The combination of scallop, apple, and celeriac isn’t new, yet here it feels contemporary given the dashi and the salsa verde inclusions that add a brightness to it all. The scallop is a beast, hand dived and delivered that morning by a monger who has his own key to the building. Cooked to a milky sheen in the middle, it’s one star cooking all day long. A coddled Burford Brown is next which suffers for being my least favourite way to cook my favourite egg. It’s cloaked under a sheet of celeriac with goats curd and a truffle dressing, the outside tiled with shards of crispy bread and more of that cured boar. It’s rich and complex. What I don’t like is that slightly snotty white that you get from an egg that is technically cooked even if it looks otherwise. No qualms at all from the cod course. Perfect fish, plump mussels, a smoked potato puree and a champagne sauce Grenobloise. One of the group says it echoes the flavours of the most indulgent fish pie to which we all nod enthusiastically.

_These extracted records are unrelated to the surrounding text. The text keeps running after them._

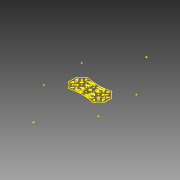
# Autodesk Inventor part: Centerplate
Saved by Autodesk Inventor 2012 (Build 160160000, 160)
## iProperties
Created: 2014-07-01
Part Number: Centerplate
Material: Default
Document SubType Name: Modeling
Designer: Laurent
Density: 1 g/cm^3
Author: Laurent
Autodesk Inventor part; units mm, degrees
ref_plane "YZ Plane" through (0, 0, 0) normal (1, 0, 0) x (0, 1, 0)
ref_plane "XZ Plane" through (0, 0, 0) normal (0, 1, 0) x (-1, 0, 0)
ref_plane "XY Plane" through (0, 0, 0) normal (0, 0, 1) x (1, 0, 0)
sketch "Sketch1" plane through (0, 0, 0) normal (0, 0, 1) x (1, 0, 0)
  line L0 (-75, 40) -> (75, 40)
  line L1 (75, 40) -> (75, -40)
  line L2 (75, -40) -> (-75, -40)
  line L3 (-75, -40) -> (-75, 40)
  point P0 (0, 0)
  dimension "d0" = 150
  dimension "d1" = 80
  dimension "d2" = 40
  dimension "d3" = 75
  constraints: 8 end point, 2 parallel, 1 horizontal, 1 perpendicular
  measures "d0" distance of L1.end L2.end
  measures "d1" distance of L0.end L1.end
  measures "d2" distance from line of L0 point (0, 0)
  measures "d3" distance from line of L1 point (0, 0)
extrude "Vlak" add sketch "Sketch1" along normal blind 4
sketch "Sketch3" plane through (0, 0, 4) normal (0, 0, 1) x (1, 0, 0)
  line L0 (75, 40) -> (75, -40) projected
  line L1 (-75, 40) -> (75, 40) projected
  circle A0 centre (75, 40) radius 10
  point P0 (0, 0)
  dimension "d12" = 20
  dimension "d13" = 0
  dimension "d14" = 0
  constraints: 1 centre point
  measures "d12" diameter of A0
  measures "d13" distance from line of L0 A0.centre
  measures "d14" distance from line of L1 A0.centre
extrude "Centergat" cut sketch "Sketch3" against normal blind 4
sketch "Sketch4" plane through (0, 0, 4) normal (0, 0, 1) x (1, 0, 0)
  line L0 (-75, 40) -> (65, 40) projected
  line L1 (75, -40) -> (-75, -40) projected
  line L2 (18.8539, 53.8539) -> (-131.8943, -96.8943) construction
  circle A0 centre (-155, -120) radius 150
  point P0 (0, 0)
  dimension "d17" = 0
  dimension "d18" = 45
  dimension "d19" = 300
  dimension "d20" = 0
  dimension "d21" = 160
  constraints: 2 end point, 1 centre point
  measures "d17" distance from line of L1.end L2
  measures "d18" angle of L1 L2
  measures "d19" diameter of A0
  measures "d20" distance from line of L2 A0.centre
  measures "d21" distance from line of L0 A0.centre
extrude "PropellorSpace" cut sketch "Sketch4" against normal blind 4
sketch "Sketch5" plane through (0, 0, 4) normal (0, 0, 1) x (1, 0, 0)
  arc A0 (-28.1142, -40) -> (-75, 6.8858) centre (-155, -120) ccw projected
  line L0 (75, -40) -> (-28.1142, -40) projected
  line L1 (-75, 40) -> (65, 40) projected
  line L2 (-155, -120) -> (34.1296, 69.1296) construction
  line L3 (-168.3606, -98.0053) -> (-8.8118, 61.5435) construction
  line L4 (-132.6124, -132.9677) -> (63.849, 63.4937) construction
  line L5 (-208.1378, -57.7825) -> (-104.1378, -161.7825) construction
  line L6 (-25.5995, -23.1264) -> (-11.4573, -8.9842)
  line L7 (-11.4573, -8.9842) -> (-8.6289, -11.8127)
  line L8 (-8.6289, -11.8127) -> (-22.771, -25.9548)
  line L9 (-22.771, -25.9548) -> (-25.5995, -23.1264)
  line L10 (-60.9548, 12.229) -> (-46.8127, 26.3711)
  line L11 (-46.8127, 26.3711) -> (-43.9842, 23.5427)
  line L12 (-43.9842, 23.5427) -> (-58.1264, 9.4005)
  line L13 (-58.1264, 9.4005) -> (-60.9548, 12.229)
  line L14 (13.2914, 15.7645) -> (27.4335, 29.9066)
  line L15 (27.4335, 29.9066) -> (30.262, 27.0782)
  line L16 (30.262, 27.0782) -> (16.1198, 12.9361)
  line L17 (16.1198, 12.9361) -> (13.2914, 15.7645)
  line L18 (-62.0184, 71.663) -> (40.1093, -30.4647) construction
  line L19 (-7.9217, 14.7379) -> (-22.0638, 28.88)
  line L20 (-22.0638, 28.88) -> (-19.2354, 31.7085)
  line L21 (-19.2354, 31.7085) -> (-5.0932, 17.5663)
  line L22 (-5.0932, 17.5663) -> (-7.9217, 14.7379)
  point P0 (0, 0)
  point P1 (-168.1378, -97.7825)
  point P2 (-132.7825, -133.1378)
  point P3 (-30.3553, 40)
  dimension "d24" = 45
  dimension "d25" = 0
  dimension "d26" = 90
  dimension "d27" = 25
  dimension "d28" = 25
  dimension "d29" = 0
  dimension "d30" = 0
  dimension "d31" = 0
  dimension "d32" = 20
  dimension "d33" = 4
  dimension "d34" = 20
  dimension "d35" = 4
  dimension "d36" = 0
  dimension "d37" = 2
  dimension "d38" = 0
  dimension "d39" = 2
  dimension "d40" = 160
  dimension "d41" = 160
  dimension "d44" = 55
  dimension "d49" = 45
  dimension "d50" = 0
  dimension "d51" = 0
  dimension "d52" = 0
  dimension "d53" = 21.2742
  dimension "d54" = 20
  dimension "d55" = 4
  dimension "d56" = 0
  dimension "d57" = 2
  dimension "d58" = 13.726
  constraints: 42 end point, 6 parallel, 4 perpendicular, 2 point on line, 1 collinear, 8 other
  measures "d24" angle of L0 L2
  measures "d25" angle of L3 L2
  measures "d26" angle of L2 L5
  measures "d27" distance from line of L2 point (-168.138, -97.783)
  measures "d28" distance from line of L2 point (-132.783, -133.138)
  measures "d29" distance from line of point (-132.783, -133.138) L4
  measures "d30" distance from line of point (-168.138, -97.783) L3
  measures "d31" angle of L4 L2
  measures "d32" distance of L7.end L8.end
  measures "d33" distance of L6.end L7.end
  measures "d34" distance of L11.end L13.start
  measures "d35" distance of L10.end L11.end
  measures "d36" angle of L3 L10
  measures "d37" distance from line of L3 L10.end
  measures "d38" angle of L4 L6
  measures "d39" distance from line of L4 L7.end
  measures "d40" distance from line of L2.start L13
  measures "d41" distance from line of L2.start L9
  measures "d44" distance of L7.end L16.start
  measures "d49" angle of L1 L18
  measures "d50" distance from line of L3 point (-30.355, 40)
  measures "d51" distance from line of L1 point (-30.355, 40)
  measures "d52" distance from line of point (-30.355, 40) L18
  measures "d53" distance from line of point (-30.355, 40) L11
  measures "d54" distance of L20.end L21.end
  measures "d55" distance of L19.end L20.end
  measures "d56" angle of L18 L19
  measures "d57" distance from line of L18 L20.end
  measures "d58" distance from line of L20 point (-30.355, 40)
extrude "Armsteunen" cut sketch "Sketch5" against normal blind 4
sketch "Sketch6" plane through (0, 0, 4) normal (0, 0, 1) x (1, 0, 0)
  line L0 (75, -40) -> (-28.1142, -40) projected
  line L1 (75, 30) -> (75, -40) projected
  line L2 (-75, 40) -> (65, 40) projected
  line L3 (-75, 6.8858) -> (-75, 40) projected
  circle A0 centre (55, -20) radius 1.5
  circle A1 centre (15, -20) radius 1.5
  circle A2 centre (-13.9878, -20) radius 1.5
  circle A3 centre (-34.4939, 0.5061) radius 1.5
  circle A4 centre (43.89, 40) radius 1.5
  circle A5 centre (26.0122, 20) radius 1.5
  circle A6 centre (5, 40) radius 1.5
  circle A7 centre (-55, 21.0122) radius 1.5
  circle A8 centre (-55, 30) radius 1.5
  line L4 (-55, 21.0122) -> (-13.9878, -20) construction
  line L5 (-34.4939, 0.5061) -> (12.7873, 47.7873) construction
  circle A9 centre (-40.4428, 35) radius 1.5
  circle A10 centre (3.6899, -2.3223) radius 1.5
  circle A11 centre (-16.8162, 18.1838) radius 1.5
  arc A12 (65, 40) -> (75, 30) centre (75, 40) ccw projected
  circle A13 centre (75, 8.89) radius 1.5
  point P0 (0, 0)
  point P1 (-43.9842, 23.5427)
  point P2 (-11.4573, -8.9842)
  dimension "d61" = 3
  dimension "d62" = 3
  dimension "d63" = 3
  dimension "d64" = 3
  dimension "d65" = 3
  dimension "d66" = 3
  dimension "d67" = 3
  dimension "d68" = 3
  dimension "d69" = 3
  dimension "d70" = 20
  dimension "d71" = 20
  dimension "d72" = 20
  dimension "d73" = 60
  dimension "d75" = 20
  dimension "d76" = 31.11
  dimension "d77" = 0
  dimension "d78" = 20
  dimension "d80" = 10
  dimension "d82" = 20
  dimension "d83" = 20
  dimension "d84" = 0
  dimension "d87" = 45
  dimension "d88" = 0
  dimension "d89" = 0
  dimension "d90" = 3
  dimension "d101" = 3
  dimension "d103" = 29
  dimension "d106" = 3
  dimension "d107" = 0
  dimension "d111" = 3
  dimension "d112" = 0
  dimension "d113" = 31.11
  dimension "d166" = 29
  dimension "d167" = 23
  dimension "d168" = 23
  dimension "d169" = 29
  dimension "d170" = 25
  dimension "d171" = 25
  dimension "d172" = 29
  dimension "d175" = 29
  dimension "d179" = 5
  dimension "d182" = 43.9962
  constraints: 13 centre point, 4 end point
  measures "d61" diameter of A0
  measures "d62" diameter of A1
  measures "d63" diameter of A2
  measures "d64" diameter of A3
  measures "d65" diameter of A4
  measures "d66" diameter of A5
  measures "d67" diameter of A6
  measures "d68" diameter of A7
  measures "d69" diameter of A8
  measures "d70" distance from line of L1 A0.centre
  measures "d71" distance from line of L0 A0.centre
  measures "d72" distance from line of L0 A1.centre
  measures "d73" distance from line of L1 A1.centre
  measures "d75" distance from line of L0 L4.end
  measures "d76" distance from line of L1 A4.centre
  measures "d77" distance from line of L2 A4.centre
  measures "d78" distance from line of L2 A5.centre
  measures "d80" distance from line of L2 A8.centre
  measures "d82" distance from line of L3 L4.start
  measures "d83" distance from line of L3 A8.centre
  measures "d84" distance from line of L4 L5.start
  measures "d87" angle of L2 L5
  measures "d88" distance from line of L2 A6.centre
  measures "d89" distance from line of L5 A6.centre
  measures "d90" diameter of A9
  measures "d101" diameter of A10
  measures "d103" distance from line of A10.centre L5
  measures "d106" diameter of A11
  measures "d107" distance from line of L5 A11.centre
  measures "d111" diameter of A13
  measures "d112" distance from line of L1 A13.centre
  measures "d113" distance of A12.centre A13.centre
  measures "d166" distance from line of L4.end L5
  measures "d167" distance from line of point (-11.457, -8.984) L5
  measures "d168" distance from line of point (-43.984, 23.543) L5
  measures "d169" distance from line of L4.start L5
  measures "d170" distance of A11.centre L5.start
  measures "d171" distance of A10.centre L4.end
  measures "d172" distance of A9.centre A11.centre
  measures "d175" distance from line of L5 A5.centre
  measures "d179" distance from line of A9.centre L2
  measures "d182" distance of A13.centre A4.centre
extrude "Holes" cut sketch "Sketch6" against normal blind 4
sketch "Sketch10" plane through (0, 0, 4) normal (0, 0, 1) x (1, 0, 0)
  line L0 (45.39, 40) -> (65, 40) projected
  line L1 (6.5, 40) -> (42.39, 40) projected
  line L2 (75, 7.39) -> (75, -40) projected
  line L3 (45, -8) -> (65, -8)
  line L4 (65, -8) -> (65, -12)
  line L5 (65, -12) -> (45, -12)
  line L6 (45, -12) -> (45, -8)
  line L7 (31, 30) -> (35, 30)
  line L8 (35, 30) -> (35, 10)
  line L9 (35, 10) -> (31, 10)
  line L10 (31, 10) -> (31, 30)
  line L11 (5, -8) -> (25, -8)
  line L12 (25, -8) -> (25, -12)
  line L13 (25, -12) -> (5, -12)
  line L14 (5, -12) -> (5, -8)
  point P0 (0, 0)
  point P1 (-8.6289, -11.8127)
  dimension "d114" = 20
  dimension "d115" = 4
  dimension "d116" = 4
  dimension "d117" = 20
  dimension "d118" = 10
  dimension "d119" = 48
  dimension "d120" = 40
  dimension "d121" = 10
  dimension "d124" = 40
  dimension "d164" = 13.6289
  dimension "d165" = 10
  constraints: 24 end point, 4 parallel, 3 horizontal, 2 perpendicular, 1 collinear, 7 other
  measures "d114" distance of L4.end L5.end
  measures "d115" distance of L3.end L4.end
  measures "d116" distance of L8.end L9.end
  measures "d117" distance of L7.end L8.end
  measures "d118" distance from line of L2 L4.end
  measures "d119" distance between parallel lines of L0 L3
  measures "d120" distance between parallel lines of L2 L8
  measures "d121" distance between parallel lines of L1 L7
  measures "d124" distance of L3.start L14.end
  measures "d164" distance from line of L14 point (-8.629, -11.813)
  measures "d165" distance between parallel lines of L6 L8
extrude "InternalStructure" cut sketch "Sketch10" against normal blind 4
sketch "Sketch11" plane through (0, 0, 4) normal (0, 0, 1) x (1, 0, 0)
  line L0 (25, -8) -> (25, -12) projected
  line L1 (-25.5995, -23.1264) -> (-11.4573, -8.9842) projected
  circle A0 centre (15, -20) radius 1.5 projected
  circle A1 centre (-34.4939, 0.5061) radius 1.5 projected
  line L2 (6.5, 40) -> (42.39, 40) projected
  line L3 (75, 7.39) -> (75, -40) projected
  line L4 (40, 25) -> (50, 25)
  line L5 (50, 25) -> (50, 0)
  line L6 (50, 0) -> (40, 0)
  line L7 (40, 0) -> (40, 25)
  line L8 (25, -15) -> (45, -15)
  line L9 (45, -15) -> (45, -25)
  line L10 (45, -25) -> (25, -25)
  line L11 (25, -25) -> (25, -15)
  line L12 (-24.6985, 17.3726) -> (-17.6274, 10.3015)
  line L13 (-17.6274, 10.3015) -> (-28.234, -0.3051)
  line L14 (-28.234, -0.3051) -> (-35.3051, 6.766)
  line L15 (-35.3051, 6.766) -> (-24.6985, 17.3726)
  line L16 (-7.9217, 14.7379) -> (-22.0638, 28.88) projected
  point P0 (0, 0)
  dimension "d134" = 10
  dimension "d135" = 25
  dimension "d136" = 25
  dimension "d137" = 15
  dimension "d138" = 20
  dimension "d139" = 10
  dimension "d140" = 0
  dimension "d141" = 5
  dimension "d142" = 10
  dimension "d144" = 0
  dimension "d145" = 5
  dimension "d180" = 10
  dimension "d181" = 15
  constraints: 24 end point, 6 parallel, 3 perpendicular, 2 horizontal
  measures "d134" distance of L5.end L6.end
  measures "d135" distance of L4.end L5.end
  measures "d136" distance between parallel lines of L3 L5
  measures "d137" distance between parallel lines of L2 L4
  measures "d138" distance of L9.end L10.end
  measures "d139" distance of L8.end L9.end
  measures "d140" distance between parallel lines of L0 L11
  measures "d141" distance from line of L8 A0.centre
  measures "d142" distance of L13.end L14.end
  measures "d144" angle of L1 L13
  measures "d145" distance from line of A1.centre L13
  measures "d180" distance from line of L16 L12.start
  measures "d181" distance between parallel lines of L12 L14
extrude "CablingHoles" cut sketch "Sketch11" against normal blind 4 contours L4 L5 L6 L7 | L8 L9 L10 L11 | L12 L13 L14 L15
sketch "Sketch12" plane through (0, 0, 4) normal (0, 0, 1) x (1, 0, 0)
  line L0 (75, -40) -> (-28.1142, -40) projected
  line L1 (75, 7.39) -> (75, -40) projected
  arc A0 (75, -26.5) -> (-28.1142, -40) centre (76.1332, -435.7032) ccw
  line L2 (45, -25) -> (25, -25) projected
  line L3 (5, -8) -> (25, -8) projected
  line L4 (35, 30) -> (35, -49) construction
  line L5 (65, -8) -> (-10, -8) construction
  circle A1 centre (29, -5) radius 1.5
  circle A2 centre (38, -5) radius 1.5
  line L6 (16.1198, 12.9361) -> (13.2914, 15.7645) projected
  line L7 (-7.9217, 14.7379) -> (-22.0638, 28.88) projected
  line L8 (-22.0638, 28.88) -> (-19.2354, 31.7085) projected
  line L9 (-19.2354, 31.7085) -> (-5.0932, 17.5663) projected
  line L10 (-46.8127, 26.3711) -> (-43.9842, 23.5427) projected
  line L11 (-43.9842, 23.5427) -> (-58.1264, 9.4005) projected
  point P0 (0, 0)
  dimension "d149" = 13.5
  dimension "d150" = 103.1142
  dimension "d151" = 40
  dimension "d156" = 3
  dimension "d157" = 3
  dimension "d158" = 3
  dimension "d159" = 3
  dimension "d160" = 6
  dimension "d161" = 3
  dimension "d176" = 11.7258
  dimension "d177" = 11.726
  dimension "d178" = 19.2742
  constraints: 4 end point, 3 centre point, 2 point on circle, 2 point on line, 1 perpendicular
  measures "d149" distance of L0.start A0.start
  measures "d150" distance from line of L1 L0.end
  measures "d151" vertical distance of point (0, 0) L0.end
  measures "d156" diameter of A1
  measures "d157" diameter of A2
  measures "d158" distance from line of L5 A2.centre
  measures "d159" distance from line of L4 A2.centre
  measures "d160" distance from line of L4 A1.centre
  measures "d161" distance from line of L5 A1.centre
  measures "d176" distance between parallel lines of L6 L9
  measures "d177" distance between parallel lines of L8 L11
  measures "d178" distance between parallel lines of L7 L10
extrude "BodyReshape" cut sketch "Sketch12" against normal blind 4
sketch "Sketch14" plane through (0, 0, 4) normal (0, 0, 1) x (1, 0, 0)
  arc A0 (75, -26.5) -> (-28.1142, -40) centre (76.1332, -435.7032) ccw projected
  line L0 (75, 7.39) -> (75, -26.5) projected
  arc A1 (75, 10.39) -> (75, 7.39) centre (75, 8.89) ccw projected
  line L1 (75, 30) -> (75, 10.39) projected
  arc A2 (65, 40) -> (75, 30) centre (75, 40) ccw projected
  line L2 (45.39, 40) -> (65, 40) projected
  arc A3 (42.39, 40) -> (45.39, 40) centre (43.89, 40) ccw projected
  line L3 (6.5, 40) -> (42.39, 40) projected
  arc A4 (3.5, 40) -> (6.5, 40) centre (5, 40) ccw projected
  line L4 (-75, 40) -> (3.5, 40) projected
  arc A5 (-28.1142, -40) -> (-75, 6.8858) centre (-155, -120) ccw projected
  circle A6 centre (-55, 21.0122) radius 1.5 projected
  circle A7 centre (-34.4939, 0.5061) radius 1.5 projected
  circle A8 centre (-13.9878, -20) radius 1.5 projected
  circle A9 centre (55, -20) radius 1.5 projected
  circle A10 centre (-16.8162, 18.1838) radius 1.5 projected
  circle A11 centre (3.6899, -2.3223) radius 1.5 projected
  circle A12 centre (-55, 30) radius 1.5 projected
  circle A13 centre (15, -20) radius 1.5 projected
  circle A14 centre (26.0122, 20) radius 1.5 projected
  circle A15 centre (-40.4428, 35) radius 1.5 projected
  circle A16 centre (29, -5) radius 1.5 projected
  circle A17 centre (38, -5) radius 1.5 projected
  arc A18 (178.1142, -40) -> (75, -26.5) centre (73.8668, -435.7032) ccw
  arc A19 (75, 7.39) -> (75, 10.39) centre (75, 8.89) ccw
  arc A20 (75, 30) -> (85, 40) centre (75, 40) ccw
  line L5 (104.61, 40) -> (85, 40)
  arc A21 (104.61, 40) -> (107.61, 40) centre (106.11, 40) ccw
  line L6 (143.5, 40) -> (107.61, 40)
  arc A22 (143.5, 40) -> (146.5, 40) centre (145, 40) ccw
  line L7 (225, 40) -> (146.5, 40)
  line L8 (225, 6.8858) -> (225, 40)
  arc A23 (225, 6.8858) -> (178.1142, -40) centre (305, -120) ccw
  circle A24 centre (205, 21.0122) radius 1.5
  circle A25 centre (184.4939, 0.5061) radius 1.5
  circle A26 centre (163.9878, -20) radius 1.5
  circle A27 centre (95, -20) radius 1.5
  circle A28 centre (166.8162, 18.1838) radius 1.5
  circle A29 centre (146.3101, -2.3223) radius 1.5
  circle A30 centre (205, 30) radius 1.5
  circle A31 centre (135, -20) radius 1.5
  circle A32 centre (123.9878, 20) radius 1.5
  circle A33 centre (190.4428, 35) radius 1.5
  line L9 (208.1264, 9.4005) -> (210.9548, 12.229)
  line L10 (210.9548, 12.229) -> (196.8127, 26.3711)
  line L11 (196.8127, 26.3711) -> (193.9842, 23.5427)
  line L12 (193.9842, 23.5427) -> (208.1264, 9.4005)
  line L13 (155.0932, 17.5663) -> (157.9217, 14.7379)
  line L14 (157.9217, 14.7379) -> (172.0638, 28.88)
  line L15 (172.0638, 28.88) -> (169.2354, 31.7085)
  line L16 (169.2354, 31.7085) -> (155.0932, 17.5663)
  line L17 (172.771, -25.9548) -> (175.5995, -23.1264)
  line L18 (175.5995, -23.1264) -> (161.4573, -8.9842)
  line L19 (161.4573, -8.9842) -> (158.6289, -11.8127)
  line L20 (158.6289, -11.8127) -> (172.771, -25.9548)
  line L21 (136.7086, 15.7645) -> (122.5665, 29.9066)
  line L22 (122.5665, 29.9066) -> (119.738, 27.0782)
  line L23 (119.738, 27.0782) -> (133.8802, 12.9361)
  line L24 (133.8802, 12.9361) -> (136.7086, 15.7645)
  line L25 (105, -12) -> (105, -8)
  line L26 (105, -8) -> (85, -8)
  line L27 (85, -8) -> (85, -12)
  line L28 (85, -12) -> (105, -12)
  line L29 (145, -12) -> (145, -8)
  line L30 (145, -8) -> (125, -8)
  line L31 (125, -8) -> (125, -12)
  line L32 (125, -12) -> (145, -12)
  line L33 (119, 10) -> (119, 30)
  line L34 (119, 30) -> (115, 30)
  line L35 (115, 30) -> (115, 10)
  line L36 (115, 10) -> (119, 10)
  line L37 (185.3051, 6.766) -> (174.6985, 17.3726)
  line L38 (174.6985, 17.3726) -> (167.6274, 10.3015)
  line L39 (167.6274, 10.3015) -> (178.234, -0.3051)
  line L40 (178.234, -0.3051) -> (185.3051, 6.766)
  line L41 (110, 0) -> (110, 25)
  line L42 (110, 25) -> (100, 25)
  line L43 (100, 25) -> (100, 0)
  line L44 (100, 0) -> (110, 0)
  line L45 (125, -25) -> (125, -15)
  line L46 (125, -15) -> (105, -15)
  line L47 (105, -15) -> (105, -25)
  line L48 (105, -25) -> (125, -25)
  circle A34 centre (121, -5) radius 1.5
  circle A35 centre (112, -5) radius 1.5
  arc A36 (-28.1142, 120) -> (75, 106.5) centre (76.1332, 515.7032) ccw
  line L49 (75, 72.61) -> (75, 106.5)
  arc A37 (75, 72.61) -> (75, 69.61) centre (75, 71.11) ccw
  line L50 (75, 50) -> (75, 69.61)
  arc A38 (75, 50) -> (65, 40) centre (75, 40) ccw
  arc A39 (45.39, 40) -> (42.39, 40) centre (43.89, 40) ccw
  arc A40 (6.5, 40) -> (3.5, 40) centre (5, 40) ccw
  line L51 (-75, 73.1142) -> (-75, 40)
  arc A41 (-75, 73.1142) -> (-28.1142, 120) centre (-155, 200) ccw
  circle A42 centre (-55, 58.9878) radius 1.5
  circle A43 centre (-34.4939, 79.4939) radius 1.5
  circle A44 centre (-13.9878, 100) radius 1.5
  circle A45 centre (55, 100) radius 1.5
  circle A46 centre (-16.8162, 61.8162) radius 1.5
  circle A47 centre (3.6899, 82.3223) radius 1.5
  circle A48 centre (-55, 50) radius 1.5
  circle A49 centre (15, 100) radius 1.5
  circle A50 centre (26.0122, 60) radius 1.5
  circle A51 centre (-40.4428, 45) radius 1.5
  line L52 (-58.1264, 70.5995) -> (-60.9548, 67.771)
  line L53 (-60.9548, 67.771) -> (-46.8127, 53.6289)
  line L54 (-46.8127, 53.6289) -> (-43.9842, 56.4573)
  line L55 (-43.9842, 56.4573) -> (-58.1264, 70.5995)
  line L56 (-5.0932, 62.4337) -> (-7.9217, 65.2621)
  line L57 (-7.9217, 65.2621) -> (-22.0638, 51.12)
  line L58 (-22.0638, 51.12) -> (-19.2354, 48.2915)
  line L59 (-19.2354, 48.2915) -> (-5.0932, 62.4337)
  line L60 (-22.771, 105.9548) -> (-25.5995, 103.1264)
  line L61 (-25.5995, 103.1264) -> (-11.4573, 88.9842)
  line L62 (-11.4573, 88.9842) -> (-8.6289, 91.8127)
  line L63 (-8.6289, 91.8127) -> (-22.771, 105.9548)
  line L64 (13.2914, 64.2355) -> (27.4335, 50.0934)
  line L65 (27.4335, 50.0934) -> (30.262, 52.9218)
  line L66 (30.262, 52.9218) -> (16.1198, 67.0639)
  line L67 (16.1198, 67.0639) -> (13.2914, 64.2355)
  line L68 (45, 92) -> (45, 88)
  line L69 (45, 88) -> (65, 88)
  line L70 (65, 88) -> (65, 92)
  line L71 (65, 92) -> (45, 92)
  line L72 (5, 92) -> (5, 88)
  line L73 (5, 88) -> (25, 88)
  line L74 (25, 88) -> (25, 92)
  line L75 (25, 92) -> (5, 92)
  line L76 (31, 70) -> (31, 50)
  line L77 (31, 50) -> (35, 50)
  line L78 (35, 50) -> (35, 70)
  line L79 (35, 70) -> (31, 70)
  line L80 (-35.3051, 73.234) -> (-24.6985, 62.6274)
  line L81 (-24.6985, 62.6274) -> (-17.6274, 69.6985)
  line L82 (-17.6274, 69.6985) -> (-28.234, 80.3051)
  line L83 (-28.234, 80.3051) -> (-35.3051, 73.234)
  line L84 (40, 80) -> (40, 55)
  line L85 (40, 55) -> (50, 55)
  line L86 (50, 55) -> (50, 80)
  line L87 (50, 80) -> (40, 80)
  line L88 (25, 105) -> (25, 95)
  line L89 (25, 95) -> (45, 95)
  line L90 (45, 95) -> (45, 105)
  line L91 (45, 105) -> (25, 105)
  circle A52 centre (29, 85) radius 1.5
  circle A53 centre (38, 85) radius 1.5
  line L92 (100, 80) -> (110, 80)
  line L93 (115, 70) -> (119, 70)
  line L94 (100, 55) -> (100, 80)
  line L95 (110, 55) -> (100, 55)
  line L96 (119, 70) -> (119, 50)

The guinea fowl is a genuine moment of the year. Buttery breast, slightly gamey in flavour, with a kind of jumble of hazelnuts, shitake mushrooms, and bird, lifted by glossy sauce of sherry and carcass. It succeeds in shutting the four of us up – much to the delight of the rest of the dining room. Simply outstanding. Memorable. Sobering, even. Nick thinks the pairing of this and the Nuits-St-George is the best mouthful he’s had in years. Gordon comments that the wine pairing in general is up there with the best he’s ever had, which is funny to the rest of us given that we’re not on a pairing. Venison arrives, crimson prime cut, sausage on a posh cocktail stick. Salsify that’s been jerked, pickled blackberries and one of those sauces which ideally calls for bread but the finger suffices in the heat of the moment. None of us take a picture. We just sit and eat. This man can really cook.


A pre dessert of Thai green curry is unmistakable in its intention; lemon grass, lime, galangal and chilli foam, with a few cubes of mango at the base for sweetness. It is successful in transitioning from savoury to sweet, and for providing a real talking point. Final course is an eclair, with pear, sherry and salted caramel sauce. Exquisite pastry work on the choux bun. Would love to tell you more but by now we’re necking dessert wine like its water. I think there were petit fours but don’t quote me on it.


At £77 for the tasting menu, Upstairs by Tom Shepherd is a steal. Our bill, with three, maybe four good bottles of wine is about £150 a head, which I would personally consider value given the quality of produce and the cooking. In truth I tried to book when they first opened, but was politely asked to give the kitchen a couple of months to settle before steam-rolling in, loud mouthed and full of bravado. They needn’t have worried; they’ve hit the ground running and are cooking at one star level immediately. This is food worth boarding the train to Lichfield for. May I suggest that you do so with champagne in a paper cup.